Most men would plead, beg mercy, say prayers to the Lord Above, or whisper a word to The Dear Departed. But not Whiff Gleason. Whiff knows that there is one incontrovertible truth in life: that there is a potential profit to be made from any situation, no matter how bad it might seem. Now all he has to do is figure out how these three rednecks are going to pay for his next French-tailored silk suit.
In this alternative history novel the irrepressible Whiff Gleason takes the reader on a tour of a ‘what if’ America; a strange mix of the depressed 1930s, the hedonistic 1970s, and our own criminalized present.
Author’s Note
Nothing is impossible, particularly in war. How different might life have been, right here, right now, for all of us, if the Confederate States of America had defeated the United States of America, decisively, in 1863?

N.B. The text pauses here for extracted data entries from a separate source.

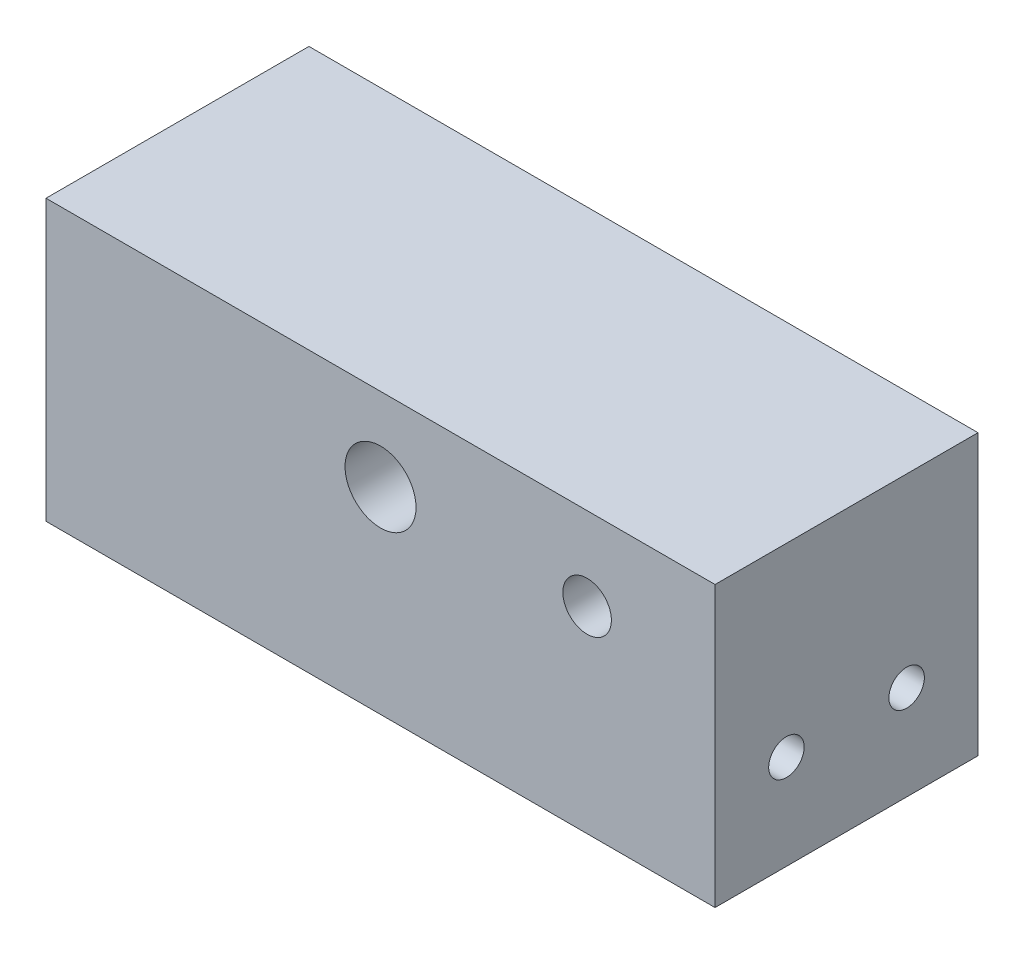
SolidWorks part; units mm, degrees
material "ABS"
ref_plane "X-Y Datum" through (0, 0, 0) normal (0, 0, 1) x (1, 0, 0)
ref_plane "X-Z Datum" through (0, 0, 0) normal (0, 1, 0) x (1, 0, 0)
ref_plane "Y-Z Datum" through (0, 0, 0) normal (1, 0, 0) x (0, 0, -1)
sketch "Sketch1" plane through (0, 0, 0) normal (0, 0, 1) x (1, 0, 0)
  line L1 (-28.275, 11.1125) -> (28.275, 11.1125)
  line L2 (-28.275, 11.1125) -> (-28.275, -11.1125)
  line L3 (-28.275, -11.1125) -> (28.275, -11.1125)
  line L4 (28.275, 11.1125) -> (28.275, -11.1125)
  line L5 (-28.275, 11.1125) -> (28.275, -11.1125) construction
  line L6 (-28.275, -11.1125) -> (28.275, 11.1125) construction
  point P0 (0, 0)
  dimension "D1" = 56.55
  dimension "D2" = 22.225
extrude "Boss-Extrude1" add sketch "Sketch1" along normal blind 22.225 contours L2 L3 L4 L1
sketch "Sketch2" plane through (0, 0, 22.225) normal (0, 0, 1) x (1, 0, 0)
  line L0 (-23.5453, 4.1125) -> (31.0951, 4.1125) construction
  line L1 (0, 11.1125) -> (0, -11.1125) construction
  line L2 (-28.275, 11.1125) -> (28.275, 11.1125) construction
  line L3 (-17.4625, 4.1125) -> (17.4625, 4.1125) construction
  line L4 (-28.275, -11.1125) -> (28.275, -11.1125) construction
  circle A0 centre (17.4625, 4.1125) radius 2.05
  circle A1 centre (-17.4625, 4.1125) radius 2.05 construction
  circle A2 centre (0, 4.1125) radius 3
  point P10 (0, 4.1125)
  dimension "D1" = 4.1
  dimension "D4" = 6
  dimension "D2" = 34.925
  dimension "D3" = 7
extrude "Cut-Extrude1" cut sketch "Sketch2" against normal blind 10 contours A1 L0 L3 | L0 A1 L3 | L0 L3 A0 | L3 L0 A0 | A2
sketch "Sketch3" plane through (-28.275, 0, 0) normal (-1, 0, 0) x (0, 0, 1)
  line L0 (0, -4.5375) -> (22.225, -4.5375) construction
  line L1 (0, 11.1125) -> (0, -11.1125) construction
  line L2 (22.225, 184.8875) -> (22.225, -15.7125) construction
  line L3 (16.1925, -4.5375) -> (6.0325, -4.5375) construction
  line L4 (11.1125, 11.1125) -> (11.1125, -11.1125) construction
  line L5 (22.225, 11.1125) -> (0, 11.1125) construction
  line L6 (22.225, -11.1125) -> (0, -11.1125) construction
  line L7 (-277.475, -12.5375) -> (22.225, -12.5375) construction
  circle A0 centre (16.1925, -4.5375) radius 1.5
  circle A1 centre (6.0325, -4.5375) radius 1.5
  point P10 (11.1125, -4.5375)
  dimension "D1" = 3
  dimension "D2" = 10.16
  dimension "D3" = 8
extrude "Cut-Extrude2" cut sketch "Sketch3" against normal blind 8
sketch "Sketch5" plane through (0, -11.1125, 0) normal (0, -1, 0) x (1, 0, 0)
  line L4 (-28.275, 0) -> (28.275, 0)
  line L5 (28.275, 0) -> (28.275, 22.225)
  line L6 (28.275, 22.225) -> (-28.275, 22.225)
  line L7 (-28.275, 22.225) -> (-28.275, 0)
  line L8 (-28.275, 0) -> (28.275, 0)
  line L9 (28.275, 0) -> (28.275, 22.225)
  line L10 (28.275, 22.225) -> (-28.275, 22.225)
  line L11 (-28.275, 22.225) -> (-28.275, 0)
  dimension "D1" = 0
extrude "Boss-Extrude2" add sketch "Sketch5" along normal blind 1.4249
mirror "Mirror2" about plane through (0, 0, 0) normal (1, 0, 0) of "Cut-Extrude2"
sketch "Sketch6" plane through (0, 0, 0) normal (0, 0, -1) x (-1, 0, 0)
  line L0 (-28.275, 1.1125) -> (28.275, 1.1125) construction
  line L1 (-28.275, 11.1125) -> (-28.275, -12.5374) construction
  line L2 (28.275, 11.1125) -> (28.275, -12.5374) construction
  line L3 (-10, 1.1125) -> (10, 1.1125) construction
  line L5 (28.275, 11.1125) -> (-28.275, 11.1125) construction
  circle A1 centre (-10, 1.1125) radius 3.025
  circle A2 centre (10, 1.1125) radius 3.025
  point P10 (0, 1.1125)
  point P12 (-12.4695, -4.5676)
  point P13 (0, 0)
  dimension "D1" = 6.05
  dimension "D2" = 10
  dimension "D3" = 20
extrude "Cut-Extrude3" cut sketch "Sketch6" against normal blind 10

I have long wondered about the possibility of a CSA victory, but have shied away from contemplating the long term effects. For some confluence of reasons my subconscious forced that very contemplation on me a few months ago. I am done fighting the impulse to peer into the hypothetical abyss that I might have been born into. What follows is a series of shadows illuminated with my best guesses. I chose an uplifting character to provide enough contrast to make this exercise of the imagination bearable.
I have chosen to serialize this novel on this site, as I think no publisher would be interested in such a tale about a black man, in a white man’s world, told by a white man. Many will say I don’t have the right. But I know how to write, so deal with it.
The first 24 chapters will be serialized free of charge here. The last three chapters will appear as a single installment for $3, for those of you who care to follow the tale to its end.
Dedication
This book was inspired in part, and is dedicated to, Arnay Dunson, an irrepressible soul.
Contents
1. Candy Cane in the Sky
2. The Lonely Tree
3. The Man, Who Saved The Man, Who Saved The South!
4. One Dumbass Excuse for White Man
5. Segregate Me Please!
6. Twelve White Men and One Mean Ole Boy
7. The Elegant Quatroon
8. Crossing The Line, Walkin’
9. Eugenically Speaking
10. Be Straaaster!
11. Bringing the Hurt
12. One Big Ole Road
13. Rambling Thrones
14. South Side Song
15. Three Too Nasty
16. Them Iron City Stakes
17. Japman Yank
18. What in Hell is a Hungrian?
19. Straight up Out of Africa
20. A Menace to Sobriety
21. Answer My Ass That!
22. That Slop
23. Pinkerton Wheels
24. Goddamn Me a Russian Man
25. Just How Stupid Can One White Boy Be?
26. Jezzme
27. Epilogue: Supervisory Agent Dawson
Statutory Reference
Colored Person
Legal: term defining a person of the British Commonwealth of mixed ancestry, abroad; living as a resident alien in the Confederate States of America; or any mixed-race or Negro person residing in the United States of America.
Illegal: attribution or self-attribution identifying a Negro or mixed-race person born to the Confederate States of America.
Attribution by a white of a Negro ward of the CSA may incur a fine, generally at the governing municipality’s discretion.
Attribution of one Negro as ‘colored’ by another Negro is typically punished under the Interstate Privilege Revocation clause according to the Negro Incivility Act.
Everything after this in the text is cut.